Toplumun/Devletin, inşasında, gelişmesinde ve bekasında gençlerin oynadığı rol oldukça önemlidir. Toplumların kurtuluşu için Allah (c.c.)’ın yeryüzüne gönderdiği en son peygamber Hz. Muhammed (s.a.v.) herkesi İslam’a davet etmiştir. İlk Müslümanlara baktığımızda toplumun her kesiminden insanla karşılaşırız. Hepsindeki ortak payda ise gençlerin çoğunlukta olmasıdır. Efendimiz ( s.a.v)’in gençlere verdiği değer oldukça önemlidir. O gençlerden bir kaçını zikredelim:
I-) 25 yaşlarında Habeşistan’a hicret eden Cafer Bin Ebi Talib (r.a.)’in Habeş kralı Necaşi’nin karşısında diğer arkadaşlarını da temsil ederek yaptığı hikmetli konuşması, hicret edenleri geri isteyen Kureyş müşriklerinin ellerinin boş dönmesini sağlamıştı.
II-) Efendimiz (s.a.v.)’in komşu ülke hükümdarlarına ve Arap kabilelerine gönderdiği çoğu mektubu Zeyd Bin Sabit (r.a.)’in mübarek elleri yazmıştı. Ayrıca komşu ülkelerden gelen mektupları tercüme etmek için Allah Resulünün emriyle İbranice ve Süryanice öğrenmişti. Genç yaşta vahiy kâtipleri arasında yer alan Sabit (r.a.) Efendimiz vefat ettiğinde henüz 21 yaşındaydı.
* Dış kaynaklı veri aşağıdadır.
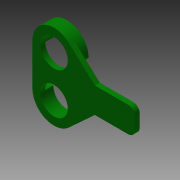
# Autodesk Inventor part: Down Sensor Holder
Saved by Autodesk Inventor 2014 (Build 180170000, 170)
## iProperties
Created: 2016-02-03
Part Number: Down Sensor Holder
Material: Generic
Document SubType Name: Modeling
Designer: Paul
Density: 1 g/cm^3
Appearance: Dark Green
Author: Paul
Autodesk Inventor part; units mm, degrees
ref_plane "YZ Plane" through (0, 0, 0) normal (1, 0, 0) x (0, 1, 0)
ref_plane "XZ Plane" through (0, 0, 0) normal (0, 1, 0) x (-1, 0, 0)
ref_plane "XY Plane" through (0, 0, 0) normal (0, 0, 1) x (1, 0, 0)
sketch "Sketch1" plane through (0, 0, 0) normal (0, 1, 0) x (-1, 0, 0)
  line L0 (-6, 8) -> (15, 8)
  line L1 (15, -8) -> (-6, -8)
  circle A0 centre (40.6, 13.025) radius 8.6
  circle A1 centre (40.6, -13.025) radius 8.6
  line L2 (15, 8) -> (31.4076, 23.048)
  line L3 (54.2, 13.025) -> (54.2, -13.025)
  line L4 (31.4076, -23.048) -> (15, -8)
  line L5 (-10, 0) -> (54.2, 0) construction
  line L6 (32, 21.625) -> (49.2, 21.625) construction
  line L7 (49.2, 21.625) -> (49.2, -21.625) construction
  line L8 (49.2, -21.625) -> (32, -21.625) construction
  line L9 (32, -21.625) -> (32, 21.625) construction
  line L10 (-10, 4) -> (-10, -4)
  arc A2 (-6, 8) -> (-10, 4) centre (-6, 4) ccw
  arc A3 (-10, -4) -> (-6, -8) centre (-6, -4) ccw
  arc A4 (31.4076, -23.048) -> (54.2, -13.025) centre (40.6, -13.025) ccw
  arc A5 (54.2, 13.025) -> (31.4076, 23.048) centre (40.6, 13.025) ccw
  arc A6 (31.4076, 23.048) -> (27, 13.025) centre (40.6, 13.025) ccw construction
  line L11 (32, 13.025) -> (27, 13.025) construction
  line L12 (32, -13.025) -> (27, -13.025) construction
  arc A7 (27, -13.025) -> (31.4076, -23.048) centre (40.6, -13.025) ccw construction
  point P0 (0, 0)
  dimension "d5" = 16
  dimension "d1" = 4
  dimension "d2" = 25
  dimension "d3" = 16
  dimension "d4" = 10
  dimension "d6" = 43.25
  dimension "d10" = 5
  dimension "d22" = 17
  constraints: 26 end point, 12 point on circle, 8 tangent, 6 centre point, 6 parallel, 5 horizontal, 4 coincident, 3 horizontal alignment, 3 vertical, 2 midpoint, 2 perpendicular, 2 point on line, 1 equal radius, 1 symmetric about line, 4 other
  measures "d1" radius of A2
  measures "d2" distance from line of L0.end L10
  measures "d3" distance between parallel lines of L1 L0
  measures "d4" distance from line of L10 point (0, 0)
  measures "d6" distance between parallel lines of L8 L6
  measures "d10" distance between parallel lines of L3 L7
  measures "d22" distance from line of L0.end L9
extrude "Extrusion1" add sketch "Sketch1" along normal blind 3.1
sketch "Sketch2" plane through (0, 3.1, 0) normal (0, 1, 0) x (1, 0, 0)
  line L0 (7.3, -4.8) -> (-7.3, -4.8)
  line L1 (-7.3, -4.8) -> (-7.3, 4.8)
  line L2 (-7.3, 4.8) -> (7.3, 4.8)
  line L3 (7.3, 4.8) -> (7.3, -4.8)
  line L4 (7.3, -4.8) -> (-7.3, 4.8) construction
  line L5 (-7.3, -4.8) -> (7.3, 4.8) construction
  point P0 (0, 0)
  dimension "d14" = 15
  dimension "d15" = 10
  constraints: 12 end point, 2 midpoint, 2 parallel, 1 horizontal, 1 perpendicular
extrude "Extrusion2" add sketch "Sketch2" along normal blind 1.5
fillet "Fillet1" radius 2 4 edges at (7.3, 3.85, 4.8) (-7.3, 3.85, 4.8) (-7.3, 3.85, -4.8) (7.3, 3.85, -4.8)
sketch "Sketch4" plane through (0, 3.1, 0) normal (0, 1, 0) x (1, 0, 0)
  circle A0 centre (-40.6, 13.025) radius 8.6 projected
  circle A1 centre (-40.6, -13.025) radius 8.6 projected
  arc A2 (-31.4076, 23.048) -> (-54.2, 13.025) centre (-40.6, 13.025) ccw projected
  line L0 (10, -4) -> (10, 4) projected
  line L1 (-49.2, 13.025) -> (-54.2, 13.025)
  arc A3 (-27, 13.025) -> (-54.2, 13.025) centre (-40.6, 13.025) ccw
  line L2 (-32, 13.025) -> (-27, 13.025)
  arc A4 (-54.2, -13.025) -> (-31.4076, -23.048) centre (-40.6, -13.025) ccw projected
  line L3 (-15, -8) -> (6, -8) projected
  line L4 (-49.2, -13.025) -> (-54.2, -13.025)
  line L5 (-32, -13.025) -> (-27, -13.025)
  arc A5 (-54.2, -13.025) -> (-27, -13.025) centre (-40.6, -13.025) ccw
  point P0 (0, 0)
  constraints: 8 end point, 8 point on circle, 2 centre point, 2 coincident, 2 collinear, 2 horizontal alignment, 1 parallel, 1 perpendicular
extrude "Extrusion3" add sketch "Sketch4" along normal blind 5 contours A0 L1 A2 A3 L2 | L5 A5 A4 L4 A1
body "Solid1"

III-) Uhud savaşı sırasında ordunun içinde çocuk denecek yaşta birçok sahabe vardı. Efendimiz orduyu teftiş etmek için dolaştığında, mübarek gözleri bir çocuğa ilişir. Küçük olduğunu belli etmemek için, o esnada Rafi bin Hadic (r.a.) parmak uçlarına basıyordu. Efendimiz (s.a.v.) küçük olduğu için Rafi (r.a.) ’yi Medine’ye geri göndermek istedi. İçlerinden biri, “çok iyi ok atar ya Resulullah” deyince Efendimiz (s.a.v) müsaade etti. Daha sonra Efendimizin yanına ağlayarak gelen Semüre Bin Cündüp (r.a);
- “Ya Resulullah Rafi’ye izin verdiğiniz halde bana neden izin yok? Oysa ben Rafi’yi güreşte yeniyorum” dedi. Efendimiz bir birinden yiğit iki genci hemen oracıkta güreştirir. Semüre, Rafi'yi güneşte yenince İslam ordusunun saflarına o da katılır. O gün büyük görünmek için parmak uçlarına basarak başı arşa değen Rafi (r.a) ve er meydanlarının kıyamete kadar gıptayla bakacağı başpehlivan Semüre (r.a.) daha çocuk denecek yaşta davanın ciddiyetini idrak etmişlerdi. Bu ciddiyet, gençlere ve kırkına ellisine geldiği halde, hala kendisini genç sanıp, oyunda oynaşta olanlara bir ders vermektedir.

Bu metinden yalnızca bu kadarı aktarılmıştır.